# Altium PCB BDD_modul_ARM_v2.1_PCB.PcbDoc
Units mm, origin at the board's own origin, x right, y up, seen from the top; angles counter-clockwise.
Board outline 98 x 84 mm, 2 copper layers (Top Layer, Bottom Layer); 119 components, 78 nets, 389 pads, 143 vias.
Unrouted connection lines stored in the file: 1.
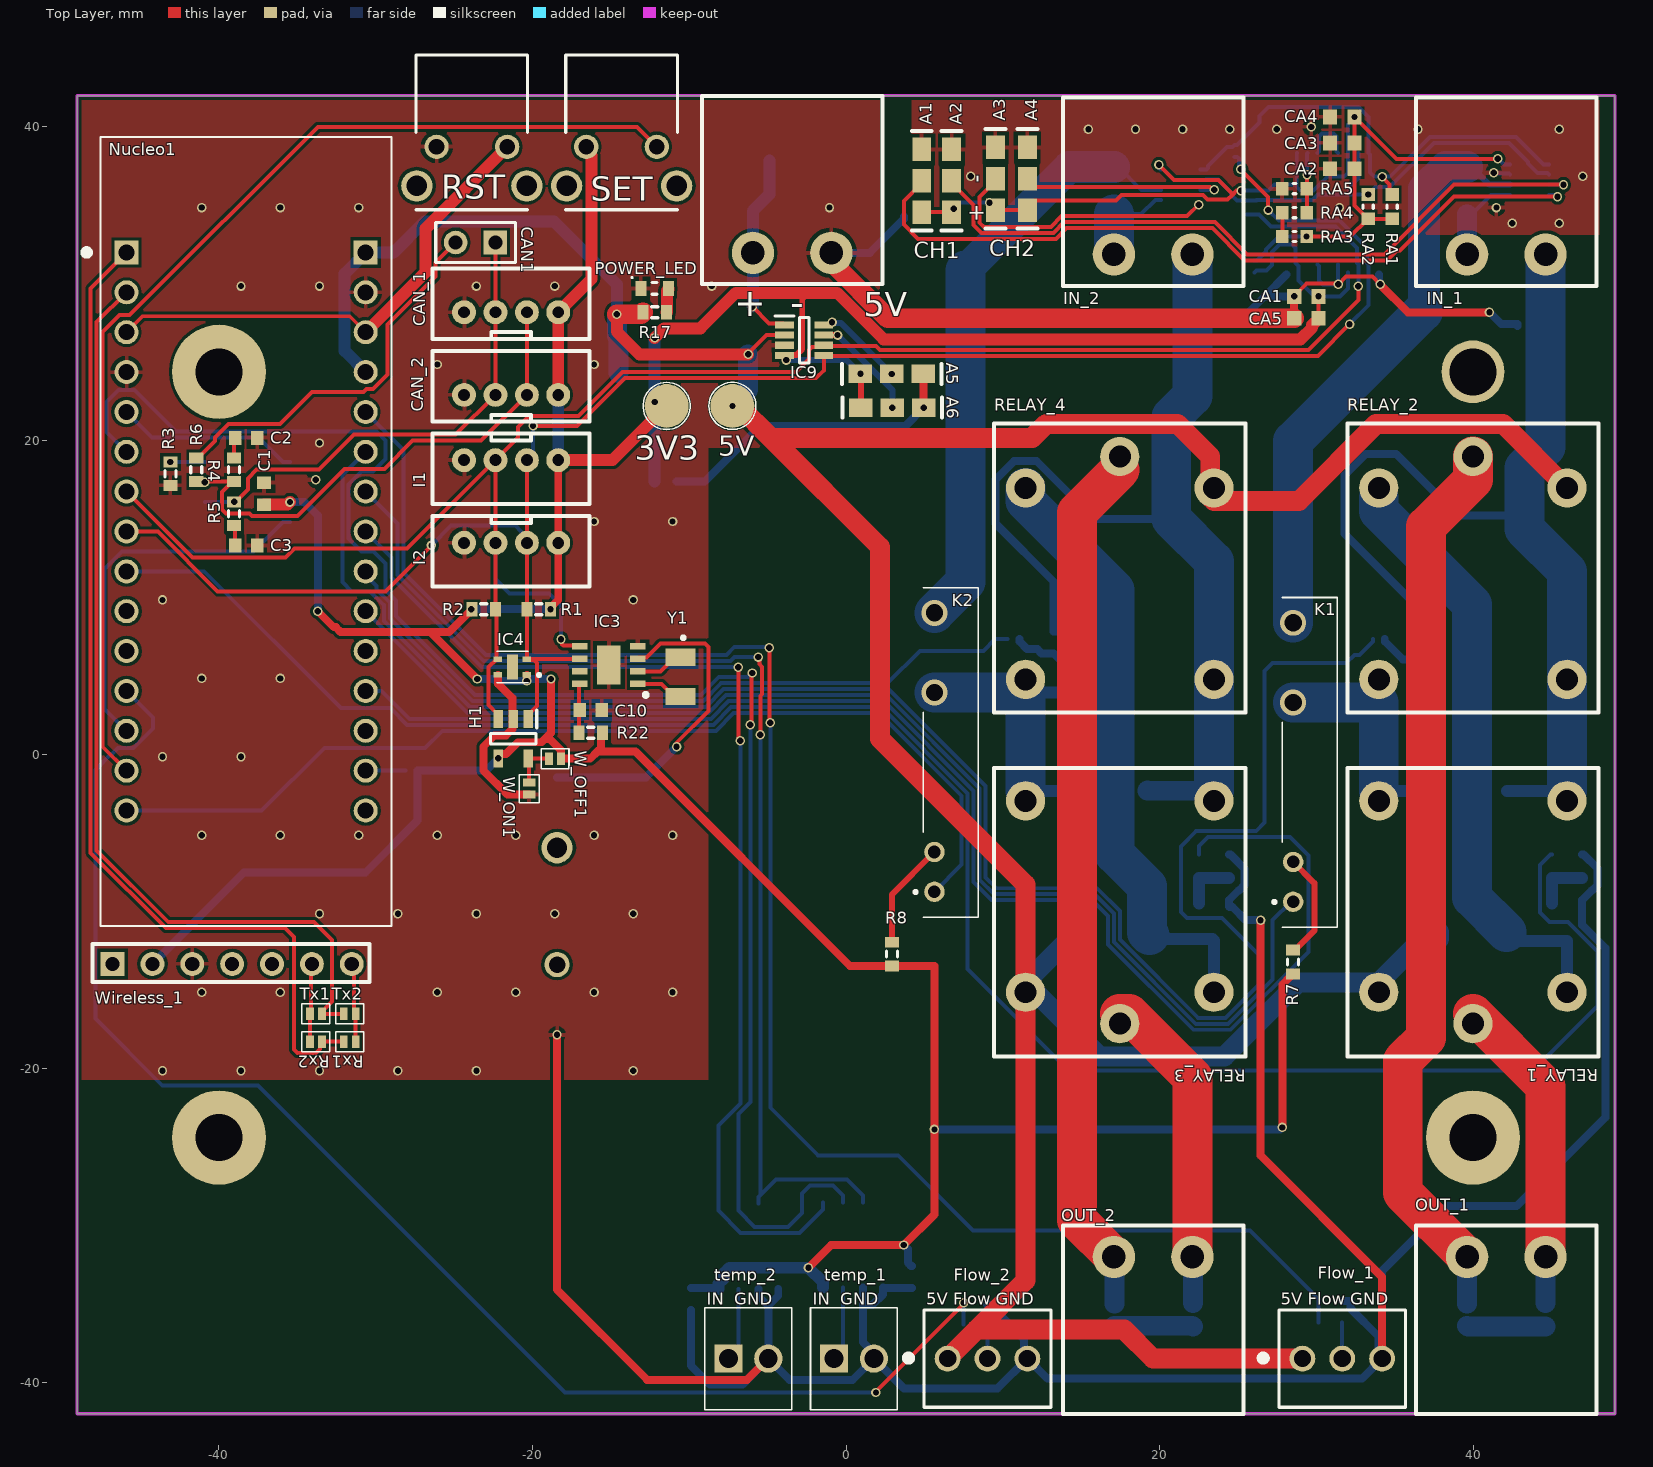
[diagram p0: Top Layer view]
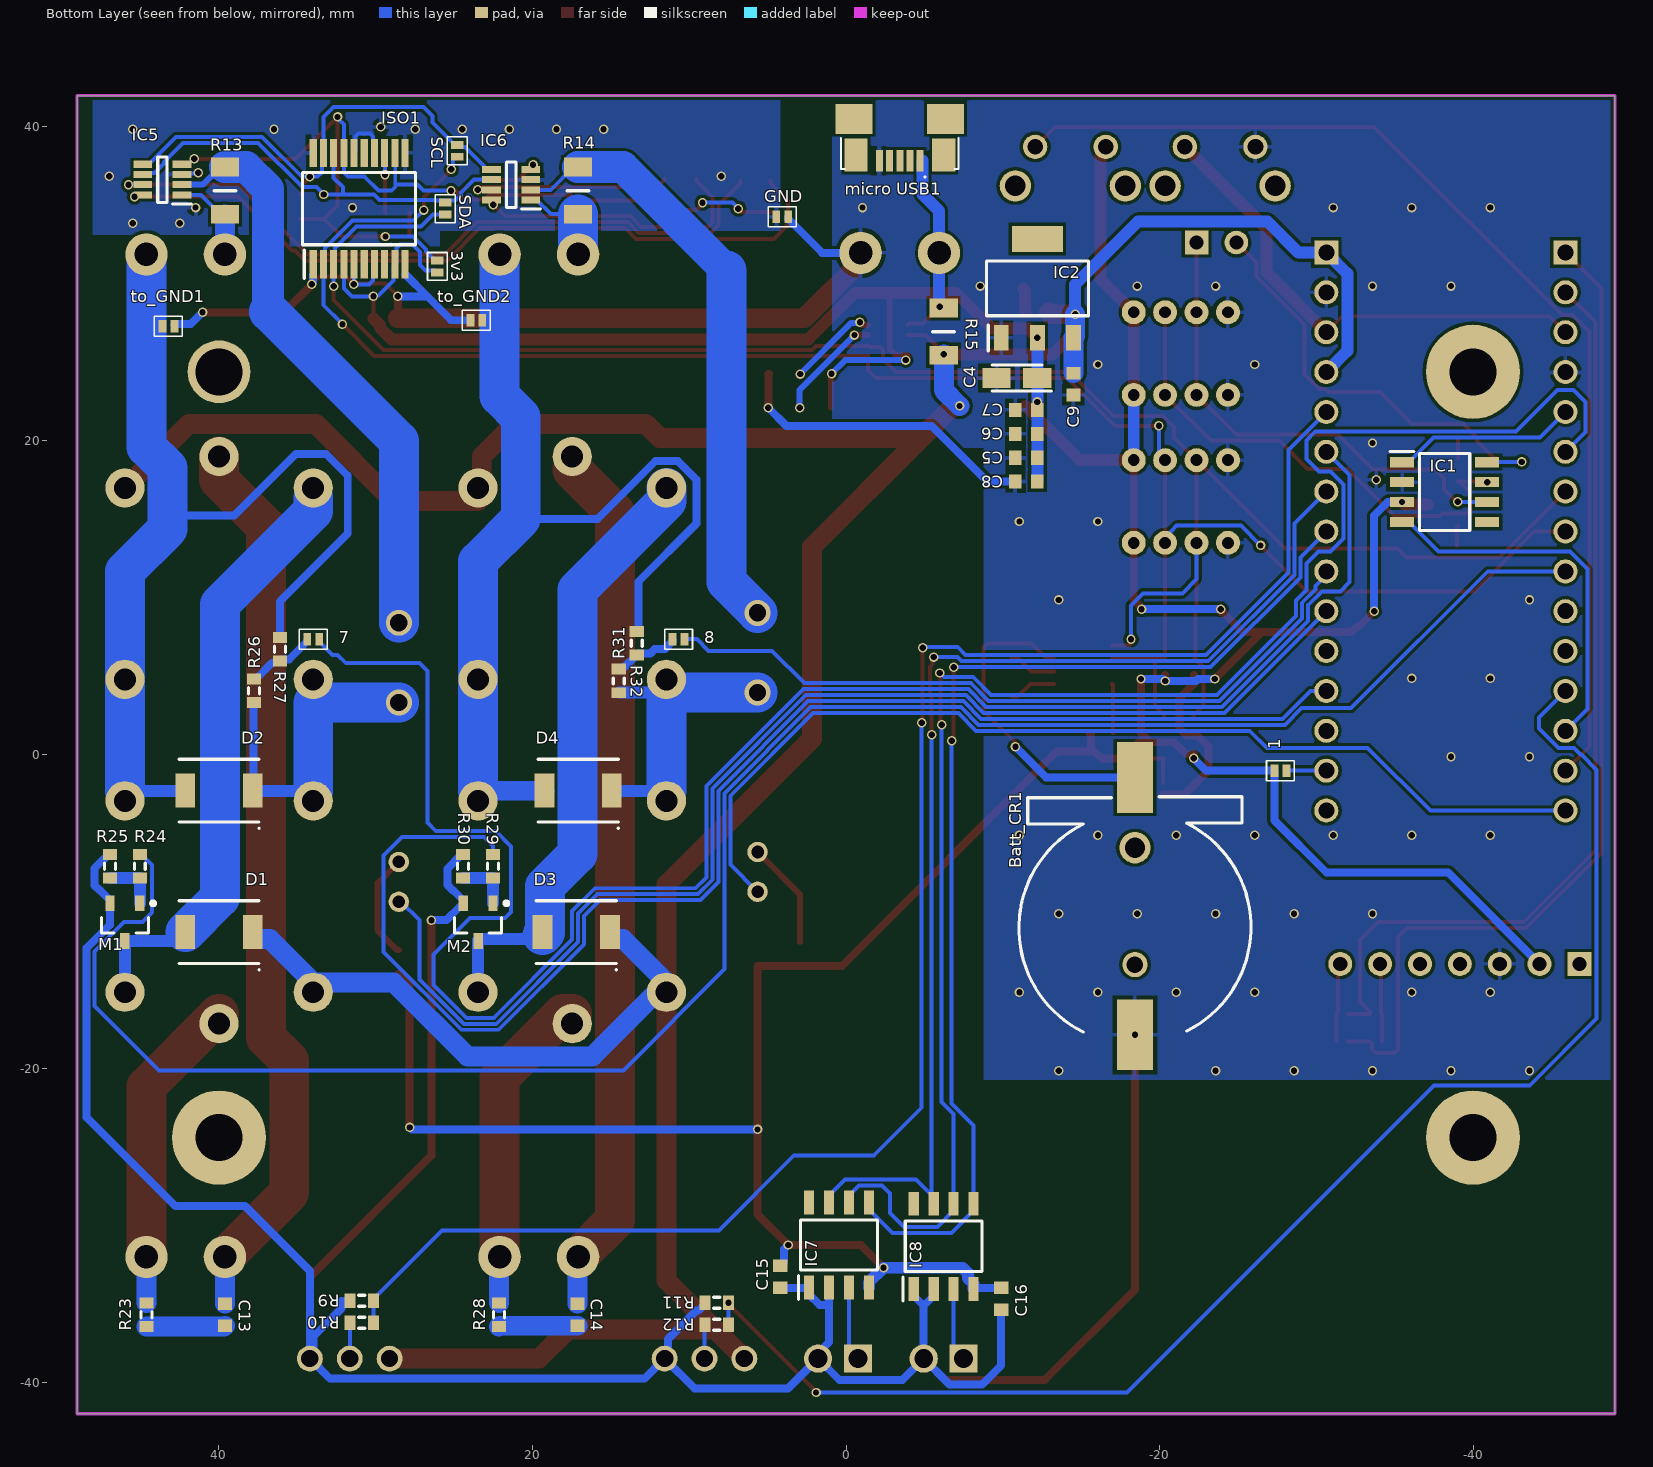
[diagram p1: Bottom Layer view, seen from below]

## Layer stack, top to bottom
Top Solder: solder mask 0.0102, Solder Resist, Dk 3.5
Top Layer: signal copper 0.0356
Dielectric 1: dielectric 0.32, FR-4, Dk 4.8
Bottom Layer: signal copper 0.0356
Bottom Solder: solder mask 0.0102, Solder Resist, Dk 3.5

## Board outline
-49,-42 49,-42 49,42 -49,42

## Design rules (kind name [scope] priority, off if disabled: settings)
Clearance [All] p1: gap=0.2 ignorepadtopadclearanceinfootprint=TRUE except(0.127: Arc-Arc Arc-Track Track-Track SMDPad-SMDPad; 0.54: THPad-THPad)
HoleSize [All] p1: absolutevalues=TRUE maxlimit=6.3 minlimit=0.2 maxpercent=80.000 minpercent=20.000
PolygonConnect [All] p1: connectstyle=Relief reliefconductorwidth=0.254 reliefentries=4 polygonreliefangle="90 Angle" airgapwidth=0.254
RoutingVias [All] p1: holewidth=0.4 width=0.6 viastyle="Through Hole" minholewidth=0.2 minwidth=0.4 maxholewidth=6.3 maxwidth=10
SilkToSilkClearance [All] p1: silktosilkclearance=0.025
SilkToSolderMaskClearance [IsPad] p1: minsilkscreentomaskgap=0.025 clearancetoexposedcopper=TRUE
SolderMaskExpansion [All] p1: expansion=0.102
Width [All] p1: maxlimit=25.4 minlimit=0.089 preferedwidth=0.254
27 further rules are at their usual default settings.

## Classes and differential pairs
component class Termoclanok: C15 C16 IC7 IC8 temp_1 temp_2
component class Izolator: 3v3 CA1 CA2 CA3 CA4 CA5 GND ISO1 RA1 RA2 RA3 RA4 RA5 SCL SDA
component class SHTC3: IC4
component class RTC: Batt_CR1 C10 IC3 R22 Y1
component class power_5V: 5V A5 A6 IC9 "micro USB1" R15
component class power_3V3: 3v3 C4 C5 C6 C7 C8 C9 IC2 POWER_LED R17
component class polarita_BDD_1: 7 C13 D1 D2 M1 R23 R24 R25 R26 R27 RELAY_1 RELAY_2 to_GND1
component class PAC_BDD_2: A3 A4 IC6 R14
component class PAC_BDD_1: A1 A2 IC5 R13
component class Flow: Flow_1 Flow_2 R9 R10 R11 R12
component class Eprom: H1 W_OFF1 W_ON1
component class Duty_cycle_BDD_2: K2 R8
component class Duty_cycle_BDD_1: K1 R7
component class Designator: C1 C2 C3 CAN1 IC1 R3 R4 R5 R6
component class polarita_BDD_2: 8 C14 D3 D4 M2 R28 R29 R30 R31 R32 RELAY_3 RELAY_4 to_GND2
component class BDD_modul_ARM_v2.1_Sheet: 1 CAN_1 CAN_2 I1 I2 IN_1 IN_2 Nucleo1 Nucleo? OUT_1 OUT_2 R1 R2 RST Rx1 Rx2 SET Tx1 Tx2 Wireless_1

## Components (designator, comment, footprint, x,y, rotation, side; value= is the part's Value field where it differs from the comment)
1 "JMP" JMP -27.686,-1.016 r0 bottom
3v3 "JMP" JMP 26.035,31.115 r90 bottom
3V3 "3V3" 1508000150000030 -11.43,22.225 r90 top
5V "5V" 1508000150000030 -7.239,22.225 r180 top
5V "B+,A-" CON_2CH_PLUG -3.429,31.98 r180 top (schematic designator 3)
7 "JMP" JMP 33.95,7.366 r180 bottom
8 "JMP" JMP 10.668,7.366 r180 bottom
A1 "ADR_PAD" SOLDER_PAD 4.826,36.576 r0 top (schematic designator A1_1)
A2 "ADR_PAD" SOLDER_PAD 6.731,36.576 r0 top (schematic designator A0_1)
A3 "ADR_PAD" SOLDER_PAD 9.525,36.703 r0 top (schematic designator A1_2)
A4 "ADR_PAD" SOLDER_PAD 11.557,36.703 r0 top (schematic designator A0_2)
A5 "ADR_PAD" SOLDER_PAD 2.921,24.273 r270 top
A6 "ADR_PAD" SOLDER_PAD 2.953,22.114 r270 top
Batt_CR1 "Battery" "Battery 1220" -18.415,-9.652 r0 bottom
C1 "0,1uF" 1608[0603] -37.084,16.637 r90 top value=100pF
C2 "560pF" 1608[0603] -38.227,20.193 r0 top value=100pF
C3 "560pF" 1608[0603] -38.227,13.335 r0 top value=100pF
C4 "10uF" CAPPM3216X180N -10.892,24.003 r0 bottom
C5 "4,7uF" 1608[0603] -11.492,18.923 r0 bottom value=100pF
C6 "4,7uF" 1608[0603] -11.492,20.447 r0 bottom value=100pF
C7 "4,7uF" 1608[0603] -11.492,21.971 r0 bottom value=100pF
C8 "4,7uF" 1608[0603] -11.492,17.399 r0 bottom value=100pF
C9 "100nF" 1608[0603] -14.492,23.622 r270 bottom value=100pF
C10 "3.3uF" 1608[0603] -16.256,2.841 r0 top
C13 "100nF" 1608[0603] 39.577,-35.687 r90 bottom value=100pF
C14 "100nF" 1608[0603] 17.105,-35.687 r90 bottom value=100pF
C15 "0.1uF" 1608[0603] 4.191,-33.274 r90 bottom
C16 "0.1uF" 1608[0603] -9.892,-34.671 r90 bottom
CA1 "100n" Capacitor 29.337,29.21 r180 top
CA2 "100n" Capacitor 31.623,37.338 r180 top
CA3 "100n" Capacitor 31.623,38.989 r180 top
CA4 "22u" Capacitor 31.623,40.64 r180 top
CA5 "10u" Capacitor 29.337,27.813 r180 top
CAN1 "Header 2" HDR1X2 -22.336,32.639 r180 top
CAN_1 "JST-4-STRAIGHT" JST-4-STRAIGHT -21.336,28.194 r0 top
CAN_2 "JST-4-STRAIGHT" JST-4-STRAIGHT -21.336,22.931 r0 top
D1 "SK52-DIO" D5A20V 39.95,-11.303 r0 bottom
D2 "SS14" D5A20V 39.95,-2.286 r0 bottom
D3 "SK52-DIO" D5A20V 17.192,-11.303 r0 bottom
D4 "SS14" D5A20V 17.065,-2.286 r0 bottom
Flow_1 "3way header" 1725669 34.163,-38.481 r0 top
Flow_2 "3way header" 1725669 11.557,-38.481 r0 top
GND "JMP" JMP 4.064,34.29 r0 bottom
H1 "AT24C01D-STUM-T" SOT95P280X145-5N -21.209,1.016 r270 top
I1 "JST-4-STRAIGHT" JST-4-STRAIGHT -21.336,18.768 r180 top
I2 "JST-4-STRAIGHT" JST-4-STRAIGHT -21.336,13.504 r180 top
IC1 "MCP2551-I_SN" SOIC127P600X175-8N -38.145,16.736 r180 bottom
IC2 "LD1117S33TR" SOT230P700X180-4N -12.192,29.718 r90 bottom
IC3 "PCF8523TK_1,118" SON80P400X400X100-9N -15.113,5.715 r180 top
IC4 "SHTC3" SHTC3 -20.86,5.58 r90 top
IC5 "INA219AIDCNR" SOT65P280X145-8N 43.561,36.649 r0 bottom
IC6 "INA219AIDCNR" SOT65P280X145-8N 21.336,36.324 r0 bottom
IC7 "MAX6675ISA" SOIC127P600X175-8N 0.448,-31.242 r90 bottom
IC8 "MAX6675ISA" SOIC127P600X175-8N -6.223,-31.324 r90 bottom
IC9 "INA219AIDCNR" SOT65P280X145-8N -2.667,26.416 r0 top
IN_1 "B+,A-" CON_2CH_PLUG 42.077,31.877 r180 top
IN_2 "B+,A-" CON_2CH_PLUG 19.573,31.877 r180 top
ISO1 "I2C_ISO" SOP65P780X200-20N 31.025,34.796 r90 bottom
K1 "AQZ102" AQZ102 31.295,-0.484 r90 top
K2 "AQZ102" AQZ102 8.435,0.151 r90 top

- _WHAT THE EXERCISE ASKS_: All lines from the one that holds "-2.667,26.416 r0 top" through the end of the records are to be returned exactly, including both boundary lines, and no others.

- _ANSWER_:
IC9 "INA219AIDCNR" SOT65P280X145-8N -2.667,26.416 r0 top
IN_1 "B+,A-" CON_2CH_PLUG 42.077,31.877 r180 top
IN_2 "B+,A-" CON_2CH_PLUG 19.573,31.877 r180 top
ISO1 "I2C_ISO" SOP65P780X200-20N 31.025,34.796 r90 bottom
K1 "AQZ102" AQZ102 31.295,-0.484 r90 top
K2 "AQZ102" AQZ102 8.435,0.151 r90 top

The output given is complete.